— TASK ITEM —
Starting at the first line, reproduce the listing below in full, exactly as given.

▬▬▬▬▬▬▬▬▬▬

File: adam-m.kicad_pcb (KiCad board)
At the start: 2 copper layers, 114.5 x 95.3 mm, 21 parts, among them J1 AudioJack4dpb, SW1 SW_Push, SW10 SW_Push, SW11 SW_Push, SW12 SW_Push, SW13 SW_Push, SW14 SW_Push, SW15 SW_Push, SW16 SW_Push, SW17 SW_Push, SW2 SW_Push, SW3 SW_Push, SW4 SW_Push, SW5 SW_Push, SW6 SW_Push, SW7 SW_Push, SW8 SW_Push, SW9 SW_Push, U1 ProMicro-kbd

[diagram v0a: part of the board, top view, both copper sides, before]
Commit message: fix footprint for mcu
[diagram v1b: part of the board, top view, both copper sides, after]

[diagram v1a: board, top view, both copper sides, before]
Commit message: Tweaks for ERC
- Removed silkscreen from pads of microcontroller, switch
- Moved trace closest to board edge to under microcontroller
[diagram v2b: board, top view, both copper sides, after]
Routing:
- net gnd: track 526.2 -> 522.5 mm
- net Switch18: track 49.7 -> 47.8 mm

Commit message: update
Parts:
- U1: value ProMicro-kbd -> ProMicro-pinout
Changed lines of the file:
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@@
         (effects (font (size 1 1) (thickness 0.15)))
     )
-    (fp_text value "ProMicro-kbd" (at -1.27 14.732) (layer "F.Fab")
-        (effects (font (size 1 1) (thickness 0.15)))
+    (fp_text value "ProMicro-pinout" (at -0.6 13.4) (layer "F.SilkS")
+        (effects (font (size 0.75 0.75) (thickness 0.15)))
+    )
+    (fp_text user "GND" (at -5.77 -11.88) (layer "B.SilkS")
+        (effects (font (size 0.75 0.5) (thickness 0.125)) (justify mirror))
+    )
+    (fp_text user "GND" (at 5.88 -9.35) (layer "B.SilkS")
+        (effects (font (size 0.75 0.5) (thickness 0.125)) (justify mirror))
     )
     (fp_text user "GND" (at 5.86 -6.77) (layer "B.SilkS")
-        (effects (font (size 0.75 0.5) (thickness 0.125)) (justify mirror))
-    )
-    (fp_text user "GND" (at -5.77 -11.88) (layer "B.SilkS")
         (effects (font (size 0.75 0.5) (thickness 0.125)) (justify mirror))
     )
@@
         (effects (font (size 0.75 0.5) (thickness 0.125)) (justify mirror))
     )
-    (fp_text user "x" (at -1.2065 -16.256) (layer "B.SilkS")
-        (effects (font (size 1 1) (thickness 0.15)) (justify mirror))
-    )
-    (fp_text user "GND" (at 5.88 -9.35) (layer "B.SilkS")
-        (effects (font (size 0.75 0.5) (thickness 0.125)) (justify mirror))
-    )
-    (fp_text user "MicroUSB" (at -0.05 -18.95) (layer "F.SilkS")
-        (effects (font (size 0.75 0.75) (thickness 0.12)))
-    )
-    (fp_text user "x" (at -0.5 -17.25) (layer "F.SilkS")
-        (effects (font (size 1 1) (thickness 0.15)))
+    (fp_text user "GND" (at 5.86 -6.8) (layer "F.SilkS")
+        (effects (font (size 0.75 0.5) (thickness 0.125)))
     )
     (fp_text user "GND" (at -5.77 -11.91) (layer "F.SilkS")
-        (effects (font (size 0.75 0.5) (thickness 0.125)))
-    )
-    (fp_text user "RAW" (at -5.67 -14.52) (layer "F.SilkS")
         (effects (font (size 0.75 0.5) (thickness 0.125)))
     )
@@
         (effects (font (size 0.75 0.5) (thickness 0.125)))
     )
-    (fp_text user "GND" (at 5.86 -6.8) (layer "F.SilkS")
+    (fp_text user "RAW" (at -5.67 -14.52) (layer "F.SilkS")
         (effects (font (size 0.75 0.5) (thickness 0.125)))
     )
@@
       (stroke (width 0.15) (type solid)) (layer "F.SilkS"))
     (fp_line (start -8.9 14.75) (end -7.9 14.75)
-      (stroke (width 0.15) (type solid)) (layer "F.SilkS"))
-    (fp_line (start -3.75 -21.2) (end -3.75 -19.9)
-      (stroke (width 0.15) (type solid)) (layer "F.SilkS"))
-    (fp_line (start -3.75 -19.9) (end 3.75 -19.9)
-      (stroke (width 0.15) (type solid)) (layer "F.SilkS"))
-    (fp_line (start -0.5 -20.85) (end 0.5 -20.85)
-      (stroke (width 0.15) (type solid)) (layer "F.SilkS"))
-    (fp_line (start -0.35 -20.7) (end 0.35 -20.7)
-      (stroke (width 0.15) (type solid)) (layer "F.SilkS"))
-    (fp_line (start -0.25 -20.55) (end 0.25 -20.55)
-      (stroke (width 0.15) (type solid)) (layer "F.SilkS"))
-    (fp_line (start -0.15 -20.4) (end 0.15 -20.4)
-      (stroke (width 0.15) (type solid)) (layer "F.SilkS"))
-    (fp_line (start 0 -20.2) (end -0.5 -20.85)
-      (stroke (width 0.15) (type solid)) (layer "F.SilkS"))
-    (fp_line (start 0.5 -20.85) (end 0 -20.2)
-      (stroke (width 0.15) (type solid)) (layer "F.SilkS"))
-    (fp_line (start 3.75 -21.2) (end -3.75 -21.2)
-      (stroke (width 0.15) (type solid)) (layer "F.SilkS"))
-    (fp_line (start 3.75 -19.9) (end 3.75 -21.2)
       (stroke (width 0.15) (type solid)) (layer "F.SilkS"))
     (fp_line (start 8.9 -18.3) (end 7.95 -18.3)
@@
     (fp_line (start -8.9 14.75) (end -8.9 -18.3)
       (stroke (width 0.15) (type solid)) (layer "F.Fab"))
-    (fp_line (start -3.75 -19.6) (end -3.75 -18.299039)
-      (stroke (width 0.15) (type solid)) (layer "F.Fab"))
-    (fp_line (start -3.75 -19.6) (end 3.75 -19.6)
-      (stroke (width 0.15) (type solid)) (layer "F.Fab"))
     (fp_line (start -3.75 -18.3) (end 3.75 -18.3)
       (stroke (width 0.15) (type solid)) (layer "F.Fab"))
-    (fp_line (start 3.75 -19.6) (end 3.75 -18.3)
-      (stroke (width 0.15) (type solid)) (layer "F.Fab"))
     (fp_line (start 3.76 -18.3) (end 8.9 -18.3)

▬▬▬▬▬▬▬▬▬▬

— ANSWER BOX —
File: adam-m.kicad_pcb (KiCad board)
At the start: 2 copper layers, 114.5 x 95.3 mm, 21 parts, among them J1 AudioJack4dpb, SW1 SW_Push, SW10 SW_Push, SW11 SW_Push, SW12 SW_Push, SW13 SW_Push, SW14 SW_Push, SW15 SW_Push, SW16 SW_Push, SW17 SW_Push, SW2 SW_Push, SW3 SW_Push, SW4 SW_Push, SW5 SW_Push, SW6 SW_Push, SW7 SW_Push, SW8 SW_Push, SW9 SW_Push, U1 ProMicro-kbd

[diagram v0a: part of the board, top view, both copper sides, before]
Commit message: fix footprint for mcu
[diagram v1b: part of the board, top view, both copper sides, after]

[diagram v1a: board, top view, both copper sides, before]
Commit message: Tweaks for ERC
- Removed silkscreen from pads of microcontroller, switch
- Moved trace closest to board edge to under microcontroller
[diagram v2b: board, top view, both copper sides, after]
Routing:
- net gnd: track 526.2 -> 522.5 mm
- net Switch18: track 49.7 -> 47.8 mm

Commit message: update
Parts:
- U1: value ProMicro-kbd -> ProMicro-pinout
Changed lines of the file:
@@
         (effects (font (size 1 1) (thickness 0.15)))
     )
-    (fp_text value "ProMicro-kbd" (at -1.27 14.732) (layer "F.Fab")
-        (effects (font (size 1 1) (thickness 0.15)))
+    (fp_text value "ProMicro-pinout" (at -0.6 13.4) (layer "F.SilkS")
+        (effects (font (size 0.75 0.75) (thickness 0.15)))
+    )
+    (fp_text user "GND" (at -5.77 -11.88) (layer "B.SilkS")
+        (effects (font (size 0.75 0.5) (thickness 0.125)) (justify mirror))
+    )
+    (fp_text user "GND" (at 5.88 -9.35) (layer "B.SilkS")
+        (effects (font (size 0.75 0.5) (thickness 0.125)) (justify mirror))
     )
     (fp_text user "GND" (at 5.86 -6.77) (layer "B.SilkS")
-        (effects (font (size 0.75 0.5) (thickness 0.125)) (justify mirror))
-    )
-    (fp_text user "GND" (at -5.77 -11.88) (layer "B.SilkS")
         (effects (font (size 0.75 0.5) (thickness 0.125)) (justify mirror))
     )
@@
         (effects (font (size 0.75 0.5) (thickness 0.125)) (justify mirror))
     )
-    (fp_text user "x" (at -1.2065 -16.256) (layer "B.SilkS")
-        (effects (font (size 1 1) (thickness 0.15)) (justify mirror))
-    )
-    (fp_text user "GND" (at 5.88 -9.35) (layer "B.SilkS")
-        (effects (font (size 0.75 0.5) (thickness 0.125)) (justify mirror))
-    )
-    (fp_text user "MicroUSB" (at -0.05 -18.95) (layer "F.SilkS")
-        (effects (font (size 0.75 0.75) (thickness 0.12)))
-    )
-    (fp_text user "x" (at -0.5 -17.25) (layer "F.SilkS")
-        (effects (font (size 1 1) (thickness 0.15)))
+    (fp_text user "GND" (at 5.86 -6.8) (layer "F.SilkS")
+        (effects (font (size 0.75 0.5) (thickness 0.125)))
     )
     (fp_text user "GND" (at -5.77 -11.91) (layer "F.SilkS")
-        (effects (font (size 0.75 0.5) (thickness 0.125)))
-    )
-    (fp_text user "RAW" (at -5.67 -14.52) (layer "F.SilkS")
         (effects (font (size 0.75 0.5) (thickness 0.125)))
     )
@@
         (effects (font (size 0.75 0.5) (thickness 0.125)))
     )
-    (fp_text user "GND" (at 5.86 -6.8) (layer "F.SilkS")
+    (fp_text user "RAW" (at -5.67 -14.52) (layer "F.SilkS")
         (effects (font (size 0.75 0.5) (thickness 0.125)))
     )
@@
       (stroke (width 0.15) (type solid)) (layer "F.SilkS"))
     (fp_line (start -8.9 14.75) (end -7.9 14.75)
-      (stroke (width 0.15) (type solid)) (layer "F.SilkS"))
-    (fp_line (start -3.75 -21.2) (end -3.75 -19.9)
-      (stroke (width 0.15) (type solid)) (layer "F.SilkS"))
-    (fp_line (start -3.75 -19.9) (end 3.75 -19.9)
-      (stroke (width 0.15) (type solid)) (layer "F.SilkS"))
-    (fp_line (start -0.5 -20.85) (end 0.5 -20.85)
-      (stroke (width 0.15) (type solid)) (layer "F.SilkS"))
-    (fp_line (start -0.35 -20.7) (end 0.35 -20.7)
-      (stroke (width 0.15) (type solid)) (layer "F.SilkS"))
-    (fp_line (start -0.25 -20.55) (end 0.25 -20.55)
-      (stroke (width 0.15) (type solid)) (layer "F.SilkS"))
-    (fp_line (start -0.15 -20.4) (end 0.15 -20.4)
-      (stroke (width 0.15) (type solid)) (layer "F.SilkS"))
-    (fp_line (start 0 -20.2) (end -0.5 -20.85)
-      (stroke (width 0.15) (type solid)) (layer "F.SilkS"))
-    (fp_line (start 0.5 -20.85) (end 0 -20.2)
-      (stroke (width 0.15) (type solid)) (layer "F.SilkS"))
-    (fp_line (start 3.75 -21.2) (end -3.75 -21.2)
-      (stroke (width 0.15) (type solid)) (layer "F.SilkS"))
-    (fp_line (start 3.75 -19.9) (end 3.75 -21.2)
       (stroke (width 0.15) (type solid)) (layer "F.SilkS"))
     (fp_line (start 8.9 -18.3) (end 7.95 -18.3)
@@
     (fp_line (start -8.9 14.75) (end -8.9 -18.3)
       (stroke (width 0.15) (type solid)) (layer "F.Fab"))
-    (fp_line (start -3.75 -19.6) (end -3.75 -18.299039)
-      (stroke (width 0.15) (type solid)) (layer "F.Fab"))
-    (fp_line (start -3.75 -19.6) (end 3.75 -19.6)
-      (stroke (width 0.15) (type solid)) (layer "F.Fab"))
     (fp_line (start -3.75 -18.3) (end 3.75 -18.3)
       (stroke (width 0.15) (type solid)) (layer "F.Fab"))
-    (fp_line (start 3.75 -19.6) (end 3.75 -18.3)
-      (stroke (width 0.15) (type solid)) (layer "F.Fab"))
     (fp_line (start 3.76 -18.3) (end 8.9 -18.3)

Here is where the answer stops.